“The hots are getting hotter, the dries are getting drier ... something happened to the plumbing of the world. Climate change is real and exacerbating this.”

That was California Gov. Gavin Newsom responding to Donald Trump, but not last week in Los Angeles when the president came to survey the devastation in Los Angeles. Newsom was speaking in September of 2020 when wildfires ravaged more than four million acres of the Golden State.

“Please remember the words, very simple. Forest management. Please remember that,” Trump told the governor. “When you have years of leaves, dried leaves on the ground, it just sets it up. It’s really a fuel for a fire,” with brush and dead trees functioning “like a matchstick.” That brought a response from Newsom’s natural resources secretary, Wade Crowfoot.

“If we ignore that science and sort of put our head in the sand and think it’s all about vegetation management, we’re not going to succeed together protecting Californians,” said Crowfoot, who earned degrees in political science and public policy. Crowfoot, a former cabinet secretary for Gov. Jerry Brown and West Coast director for the Environmental Defense Fund, did not spell out the science of climate change. To qualify as science, the hard data would have to be submitted to others for replication.

In 2021, California wildfires burned 8,834 acres, with 7,490 acres in 2022, followed by another 7,127 acres in 2023. Newsom and Crowfoot did not outline any changes in forest management, or explain how climate change dogma had helped them protect Californians.

As it turned out, May 5, 2024, was the snowiest day of the 2023-24 season, with an accumulation of 26.4 inches. The deep snowcap and plunging temperatures brought no response from Newsom, who in May planned a trip to the “From Climate Crisis to Climate Resistance” conference at the Vatican. According to the Pontifical Academy of Sciences: “The Climate Crisis is upon us. It will get a lot worse over the next few decades as planetary heating shoots past 1.5C by early 2030s.”

Over the long hot summer, Newsom issued no statement about the need to trim the brush and dead trees that act as a matchstick. Donald Trump, who advanced that view, was elected president that fall. In December 2024, a raging brush fire in Malibu forced Barbara Streisand, Cher, Dick Van Dyke, and thousands of others to flee their homes. Newsom issued no warning about the need to clear brush and make sure reservoirs were full and hydrants were in good working order. Neither did Los Angeles Mayor Karen Bass.

On Jan. 4, with Santa Ana winds kicking up, Bass flew to Ghana to attend an inauguration. On Jan. 6, Newsom was in the Central Valley attending a track-laying ceremony for California’s vaunted high-speed rail project, a boondoggle for the ages. The fires raged out of control, as a friend of this writer described in an email:

Everything destroyed. Entire neighborhoods vaporized. Worse than a thousand nightmares. Power went out at 7 pm. Complete blackness everywhere. Violent embers flew like piercing rockets. Palm trees exploded like Saturn V. Cyclone winds swirling vortex at 80 mph. Mandatory evacuation, cars abandoned on Sunset Blvd. Everything is obliterated. EVERYTHING!!!!!
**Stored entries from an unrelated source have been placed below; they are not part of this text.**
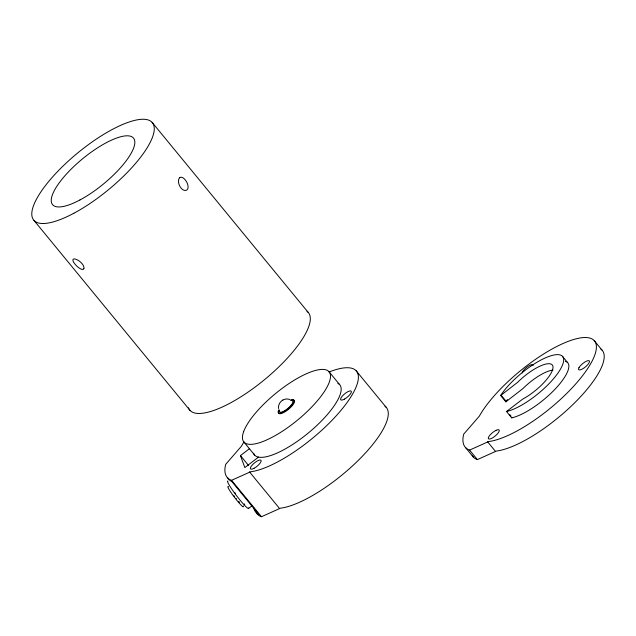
<?xml version="1.0" encoding="UTF-8"?>
<svg xmlns="http://www.w3.org/2000/svg" width="636" height="636" viewBox="0 0 636 636"><rect width="100%" height="100%" fill="white"/><g stroke="black" fill="none" stroke-linecap="round" stroke-linejoin="round"><path stroke-width="0.95" d="M552.994 370.072A28.898 9.023 -39.4 0 0 522.903 388.596L505.858 401.857L500.659 395.528L501.073 394.877A42.262 13.197 -39.4 0 1 549.13 356.375A42.262 13.197 -39.4 0 1 556.428 375.153A42.262 13.197 -39.4 0 1 507.448 411.293L506.51 411.508L511.71 417.844L512.648 417.629A42.262 13.197 -39.4 0 0 555.602 388.588A42.262 13.197 -39.4 0 0 565.325 361.28M505.858 401.857L506.272 401.205M179.71 177.73A7.123 3.713 62.2 0 1 182.945 177.818L183.224 177.985A7.076 3.323 60.7 0 1 186.897 182.445L187.087 182.85A7.123 3.713 62.2 0 1 188.018 187.851L187.954 188.169A7.115 4.054 63.8 0 1 186.292 190.267L186.038 190.355A7.115 4.38 65.5 0 1 180.982 187.978A7.115 4.38 65.5 0 1 178.509 181.196L178.525 180.815A7.115 4.054 63.8 0 1 179.519 177.905L179.71 177.73M258.542 457.093L244.836 467.587L240.448 455.599L249.582 448.603M248.565 508.442L251.594 506.129M500.659 395.528L517.696 382.268A28.898 9.023 -39.4 0 1 552.843 366.026A28.898 9.023 -39.4 0 1 522.744 399.074L506.51 411.508M511.71 417.844L512.139 417.51M289.746 399.464C283.95 397.309 277.63 402.469 278.568 408.566M282.821 400.06L282.297 400.354M243.922 442.012A76.765 23.969 -39.4 0 0 241.306 446.353L225.708 464.328L225.319 465.957A90.566 28.278 -39.4 0 0 230.407 479.87L231.56 480.315L250.6 471.761A76.765 23.969 -39.4 0 0 343.742 406.945A76.765 23.969 -39.4 0 0 329.098 371.996M256.308 512.688A90.566 28.278 -39.4 0 0 260.315 516.281L261.468 516.726L280.508 508.172A76.765 23.969 -39.4 0 0 357.432 461.227A76.765 23.969 -39.4 0 0 384.971 406.221M469.583 450.105L488.623 441.551A76.765 23.969 -39.4 0 0 581.344 377.259A76.765 23.969 -39.4 0 0 568.21 341.365A76.765 23.969 -39.4 0 0 479.329 416.143L463.731 434.118L463.342 435.74A90.566 28.278 -39.4 0 0 468.438 449.652L469.583 450.105L477.382 459.597L496.43 451.051A76.765 23.969 -39.4 0 0 573.354 404.099A76.765 23.969 -39.4 0 0 600.893 349.1M477.382 459.597L476.237 459.152A90.566 28.278 -39.4 0 1 472.23 455.567M594.223 340.618L602.022 350.118M562.407 356.263L567.606 362.592M501.089 395.195L506.296 401.523M509.826 414.696L510.986 416.103M487.478 441.646L495.285 451.147M465.488 447.49L473.287 456.99M152.091 122.351L308.134 312.316M356.2 370.828L386.108 407.239M328.947 371.623L339.608 384.605M244.009 442.139L254.67 455.122M240.448 455.599L248.549 465.457M249.455 471.856L279.363 508.267M33.978 220.414L190.013 410.379M231.56 480.315L261.468 516.726M306.997 311.298A76.765 23.969 -39.4 0 1 306.377 332.087L304.906 334.854A76.765 23.969 -39.4 0 1 202.534 413.249L200.125 413.448A76.765 23.969 -39.4 0 1 188.447 407.771M244.733 504.324A12.72 1.312 52.6 0 1 244.272 503.927M235.479 493.488A12.72 1.312 52.6 0 1 234.724 492.439M248.62 507.902A17.252 1.781 52.6 0 1 236.711 495.905A17.252 1.781 52.6 0 1 228.085 481.126M239.51 502.265A7.545 0.779 52.6 0 1 239.231 502.011M238.905 501.701A7.545 0.779 52.6 0 1 238.548 501.335M236.361 498.839A7.545 0.779 52.6 0 1 235.884 498.242M234.445 496.374A7.545 0.779 52.6 0 1 233.976 495.746M243.286 505.97A12.72 1.312 52.6 0 1 234.62 497.487A12.72 1.312 52.6 0 1 228.562 486.763M522.204 372.966A6.901 2.154 -39.4 0 1 527.785 366.511A6.901 2.154 -39.4 0 1 533.207 365.39M506.646 400.656A42.262 13.197 -39.4 0 1 507.425 399.535M337.811 383.285A55.205 17.236 -39.4 0 1 316.545 425.762A55.205 17.236 -39.4 0 1 258.9 457.181L257.604 456.879A55.205 17.236 -39.4 0 1 253.541 453.245M292.942 400.004A10.136 3.164 -39.4 0 1 289.102 408.805A10.136 3.164 -39.4 0 1 278.393 412.565M278.743 411.095A10.136 3.164 -39.4 0 1 278.91 410.745M291.121 400.402A10.136 3.164 -39.4 0 1 292.282 400.084M253.724 507.592A90.566 28.278 -39.4 0 0 259.019 514.699L231.75 481.468A90.566 28.278 -39.4 0 1 227.704 477.867M290.27 400.163A10.025 3.132 -39.4 0 1 293.085 403.455A10.025 3.132 -39.4 0 1 282.503 412.422A10.025 3.132 -39.4 0 1 278.799 409.878M291.598 400.561A8.626 2.695 -39.4 0 1 287.281 408.916A8.626 2.695 -39.4 0 1 279.514 410.005M243.644 431.645L243.087 433.362A55.205 17.236 -39.4 0 0 246.943 443.896L248.239 444.198A55.205 17.236 -39.4 0 0 317.801 400.275A55.205 17.236 -39.4 0 0 307.864 373.117A55.205 17.236 -39.4 0 0 243.644 431.645M83.801 268.702L83.769 268.782A7.115 2.79 42.6 0 1 81.925 269.37L81.654 269.306A7.123 2.401 43.8 0 1 77.513 266.762L77.179 266.468A7.076 1.988 45.1 0 1 73.522 262.016L73.379 261.73A7.123 2.401 43.8 0 1 73.339 259.186L73.49 259.106A7.115 2.79 42.6 0 1 76.002 259.321L76.336 259.448A7.115 3.172 41.2 0 1 82.084 263.717A7.115 3.172 41.2 0 1 83.857 268.607L83.801 268.702M578.991 367.664L578.855 367.918A6.901 2.154 -39.4 0 0 583.872 368.085A6.901 2.154 -39.4 0 0 589.254 360.811A6.901 2.154 -39.4 0 0 580.7 365.43L580.43 365.724A6.901 2.154 -39.4 0 0 578.991 367.664M496.016 430.357L495.698 430.516A6.901 2.154 -39.4 0 0 488.392 437.568A6.901 2.154 -39.4 0 0 493.425 437.322A6.901 2.154 -39.4 0 0 499.26 430.341L499.228 430.214A6.901 2.154 -39.4 0 0 496.016 430.357M79.937 199.966A52.398 16.361 -39.4 0 0 133.958 138.735A52.398 16.361 -39.4 0 0 65.198 175.441A52.398 16.361 -39.4 0 0 79.937 199.966M73.848 213.259A76.765 23.969 -39.4 0 0 152.99 123.559A76.765 23.969 -39.4 0 0 52.255 177.325A76.765 23.969 -39.4 0 0 73.848 213.259M344.513 399.082A6.789 2.123 -39.4 0 0 351.239 391.188A6.789 2.123 -39.4 0 0 342.2 396.22A6.789 2.123 -39.4 0 0 344.513 399.082M254.034 468.311A6.789 2.123 -39.4 0 0 261.062 460.369A6.789 2.123 -39.4 0 0 252.158 465.107A6.789 2.123 -39.4 0 0 254.034 468.311"/></g></svg>
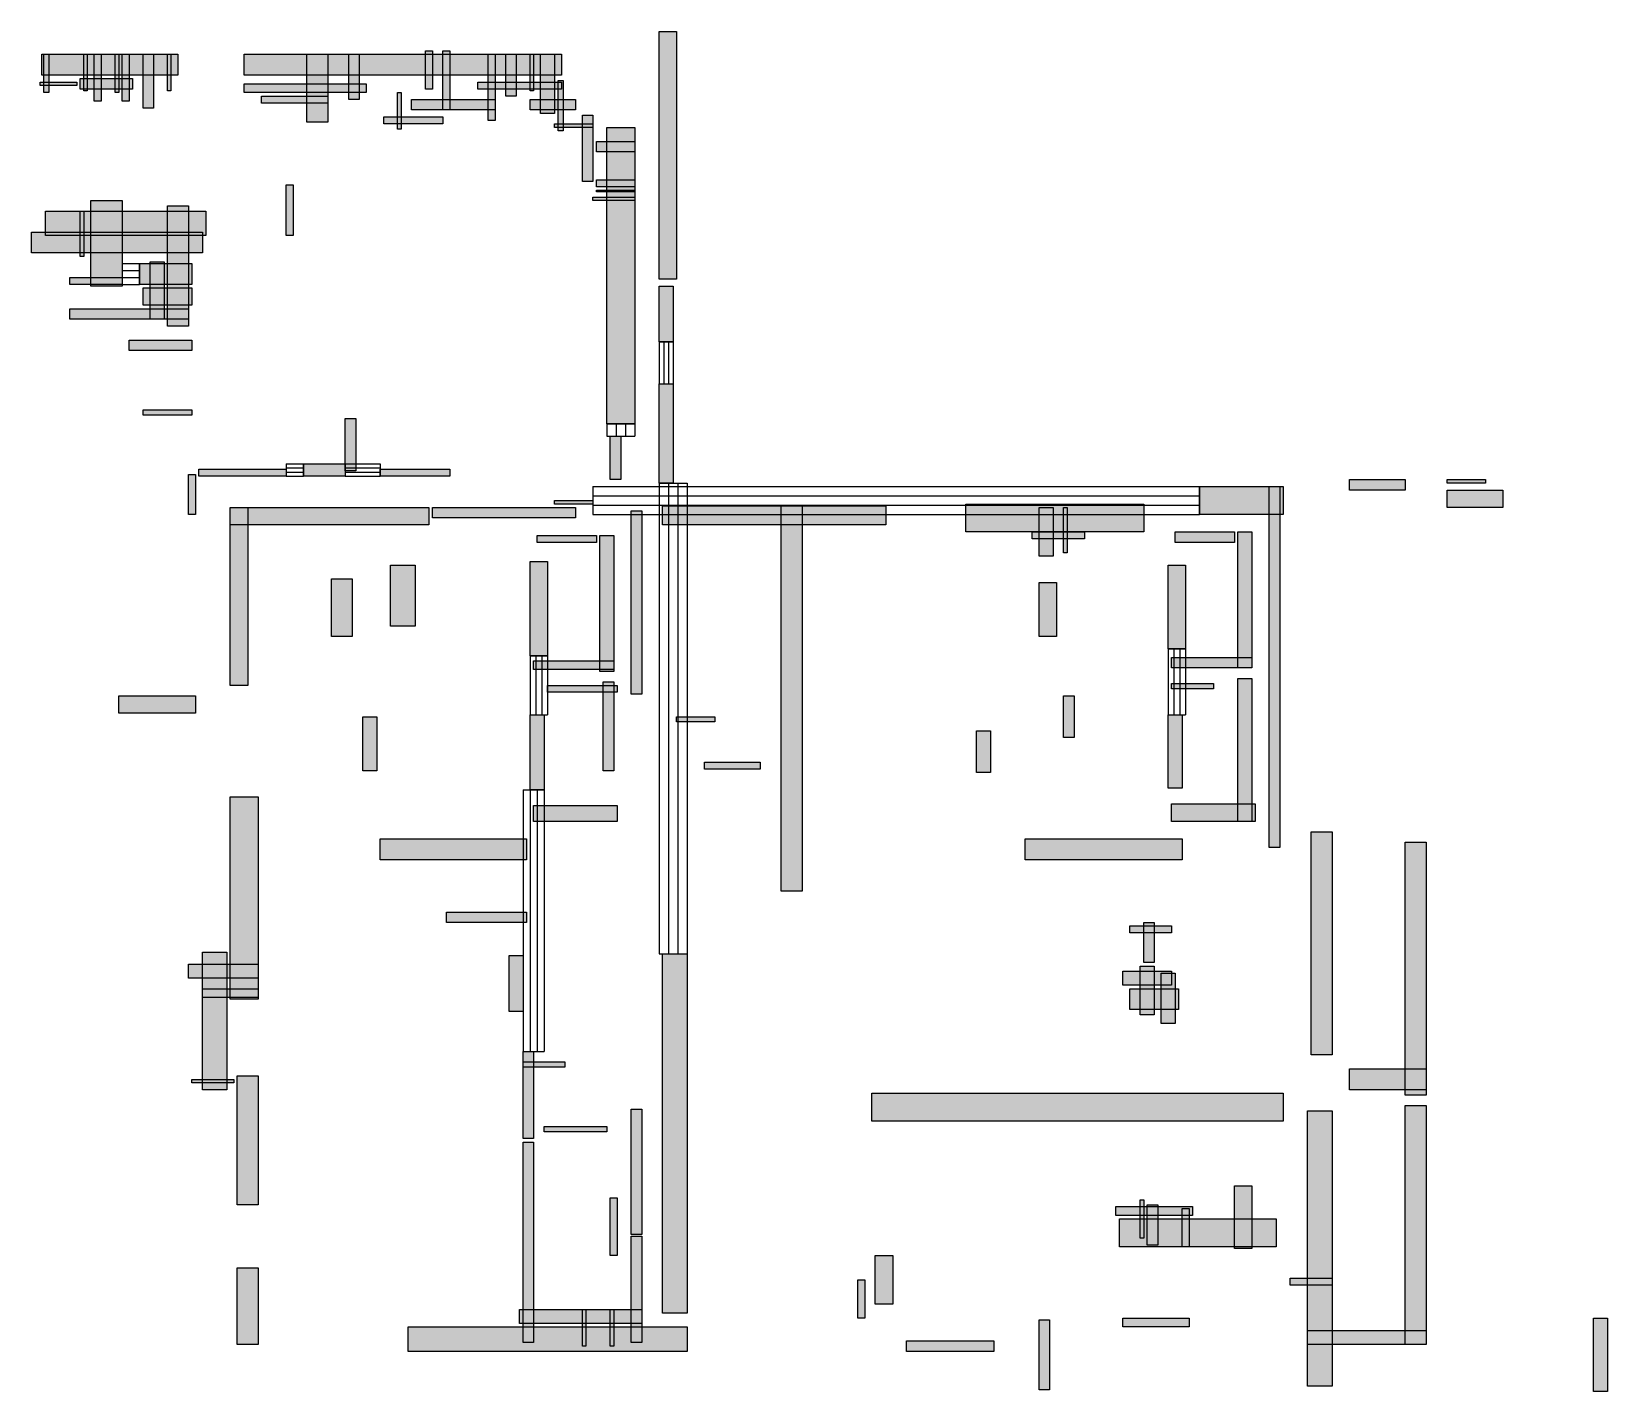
# Model space of a CAD drawing. Header units: millimetres. Extents: x 211 to 12232, y 933 to 12628.
# Drawn here: x 4277 to 12232, y 5764 to 12628 of the extents above; entities that cross this region are included whole.
import ezdxf

# ---------------------------------------------------------------- set-up
doc = ezdxf.new("R2010")
doc.units = ezdxf.units.MM
doc.layers.add('WALL', color=7, linetype='Continuous')
doc.layers.add('WINDOW', color=5, linetype='Continuous')

msp = doc.modelspace()

# ---------------------------------------------------------------- hatches: boundary and pattern name
at = {"layer": 'WALL'}
h = msp.add_hatch(color=256, dxfattribs=at)
h.dxf.hatch_style = 1
h.paths.add_polyline_path([(7444.8, 12628), (7532.8, 12628), (7532.8, 11378.4), (7444.8, 11378.4)])
h = msp.add_hatch(color=256, dxfattribs=at)
h.dxf.hatch_style = 1
h.paths.add_polyline_path([(4329.6, 12513.6), (5016, 12513.6), (5016, 12408), (4329.6, 12408)])
h = msp.add_hatch(color=256, dxfattribs=at)
h.dxf.hatch_style = 1
h.paths.add_polyline_path([(4338.4, 12513.6), (4364.8, 12513.6), (4364.8, 12320), (4338.4, 12320)])
h = msp.add_hatch(color=256, dxfattribs=at)
h.dxf.hatch_style = 1
h.paths.add_polyline_path([(4540.8, 12513.6), (4558.4, 12513.6), (4558.4, 12328.8), (4540.8, 12328.8)])
h = msp.add_hatch(color=256, dxfattribs=at)
h.dxf.hatch_style = 1
h.paths.add_polyline_path([(4593.6, 12513.6), (4628.8, 12513.6), (4628.8, 12276), (4593.6, 12276)])
h = msp.add_hatch(color=256, dxfattribs=at)
h.dxf.hatch_style = 1
h.paths.add_polyline_path([(4699.2, 12513.6), (4716.8, 12513.6), (4716.8, 12320), (4699.2, 12320)])
h = msp.add_hatch(color=256, dxfattribs=at)
h.dxf.hatch_style = 1
h.paths.add_polyline_path([(4734.4, 12513.6), (4769.6, 12513.6), (4769.6, 12276), (4734.4, 12276)])
h = msp.add_hatch(color=256, dxfattribs=at)
h.dxf.hatch_style = 1
h.paths.add_polyline_path([(4840, 12513.6), (4892.8, 12513.6), (4892.8, 12240.8), (4840, 12240.8)])
h = msp.add_hatch(color=256, dxfattribs=at)
h.dxf.hatch_style = 1
h.paths.add_polyline_path([(4963.2, 12513.6), (4980.8, 12513.6), (4980.8, 12328.8), (4963.2, 12328.8)])
h = msp.add_hatch(color=256, dxfattribs=at)
h.dxf.hatch_style = 1
h.paths.add_polyline_path([(5350.4, 12513.6), (6952, 12513.6), (6952, 12408), (5350.4, 12408)])
h = msp.add_hatch(color=256, dxfattribs=at)
h.dxf.hatch_style = 1
h.paths.add_polyline_path([(5667.2, 12513.6), (5772.8, 12513.6), (5772.8, 12170.4), (5667.2, 12170.4)])
h = msp.add_hatch(color=256, dxfattribs=at)
h.dxf.hatch_style = 1
h.paths.add_polyline_path([(5878.4, 12513.6), (5931.2, 12513.6), (5931.2, 12284.8), (5878.4, 12284.8)])
h = msp.add_hatch(color=256, dxfattribs=at)
h.dxf.hatch_style = 1
h.paths.add_polyline_path([(6265.6, 12531.2), (6300.8, 12531.2), (6300.8, 12337.6), (6265.6, 12337.6)])
h = msp.add_hatch(color=256, dxfattribs=at)
h.dxf.hatch_style = 1
h.paths.add_polyline_path([(6353.6, 12531.2), (6388.8, 12531.2), (6388.8, 12232), (6353.6, 12232)])
h = msp.add_hatch(color=256, dxfattribs=at)
h.dxf.hatch_style = 1
h.paths.add_polyline_path([(6582.4, 12513.6), (6617.6, 12513.6), (6617.6, 12179.2), (6582.4, 12179.2)])
h = msp.add_hatch(color=256, dxfattribs=at)
h.dxf.hatch_style = 1
h.paths.add_polyline_path([(6670.4, 12513.6), (6723.2, 12513.6), (6723.2, 12302.4), (6670.4, 12302.4)])
h = msp.add_hatch(color=256, dxfattribs=at)
h.dxf.hatch_style = 1
h.paths.add_polyline_path([(6793.6, 12513.6), (6811.2, 12513.6), (6811.2, 12328.8), (6793.6, 12328.8)])
h = msp.add_hatch(color=256, dxfattribs=at)
h.dxf.hatch_style = 1
h.paths.add_polyline_path([(6846.4, 12513.6), (6916.8, 12513.6), (6916.8, 12214.4), (6846.4, 12214.4)])
h = msp.add_hatch(color=256, dxfattribs=at)
h.dxf.hatch_style = 1
h.paths.add_polyline_path([(4320.8, 12372.8), (4505.6, 12372.8), (4505.6, 12355.2), (4320.8, 12355.2)])
h = msp.add_hatch(color=256, dxfattribs=at)
h.dxf.hatch_style = 1
h.paths.add_polyline_path([(4523.2, 12390.4), (4787.2, 12390.4), (4787.2, 12337.6), (4523.2, 12337.6)])
h = msp.add_hatch(color=256, dxfattribs=at)
h.dxf.hatch_style = 1
h.paths.add_polyline_path([(5350.4, 12364), (5966.4, 12364), (5966.4, 12320), (5350.4, 12320)])
h = msp.add_hatch(color=256, dxfattribs=at)
h.dxf.hatch_style = 1
h.paths.add_polyline_path([(6529.6, 12372.8), (6952, 12372.8), (6952, 12337.6), (6529.6, 12337.6)])
h = msp.add_hatch(color=256, dxfattribs=at)
h.dxf.hatch_style = 1
h.paths.add_polyline_path([(6934.4, 12381.6), (6960.8, 12381.6), (6960.8, 12126.4), (6934.4, 12126.4)])
h = msp.add_hatch(color=256, dxfattribs=at)
h.dxf.hatch_style = 1
h.paths.add_polyline_path([(5438.4, 12302.4), (5772.8, 12302.4), (5772.8, 12267.2), (5438.4, 12267.2)])
h = msp.add_hatch(color=256, dxfattribs=at)
h.dxf.hatch_style = 1
h.paths.add_polyline_path([(6124.8, 12320), (6142.4, 12320), (6142.4, 12135.2), (6124.8, 12135.2)])
h = msp.add_hatch(color=256, dxfattribs=at)
h.dxf.hatch_style = 1
h.paths.add_polyline_path([(6195.2, 12284.8), (6617.6, 12284.8), (6617.6, 12232), (6195.2, 12232)])
h = msp.add_hatch(color=256, dxfattribs=at)
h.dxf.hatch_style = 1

Such was the case for Mel Gibson, Jeff Bridges, Anthony Hopkins, and thousands of others. On Jan. 24, President Trump overflew the devastation. “Nobody’s ever probably seen anything like this,” Trump told Newsom. “It’s like you got hit by a bomb.”

Newsom told the president, “We’re going to need your support. We’re going to need your help.” By all indications, the governor had forgotten his quest to “Trump-proof” California. For his part, Trump wants fixes “so it can’t happen again and again,” but embattled Californians have room for doubt.

As Katy Grimes of the California Globe reports, the day before Trump’s visit, state lawmakers approved $2.5 billion in wildfire relief but only after Democrats blocked an additional $1 billion for wildfire prevention. As Assemblyman Al Muratsuchi explained, “We’ve been taking up big issues related to climate action,” he said. “This is all being driven by climate change.”

The Torrance Democrat did not explain the science behind that contention. In a similar style, California legislators did not explain how snowfall and freezing temperatures across the southern states fit with Newsom’s claim that “the hots are getting hotter.”

The recall efforts now in the works for Newsom and Karen Bass do not portend a permanent solution. For decades, fires have raged across California under Democrats and Republicans alike. If climate-change superstition continues to override common-sense fire prevention, the blazes are sure to rage on.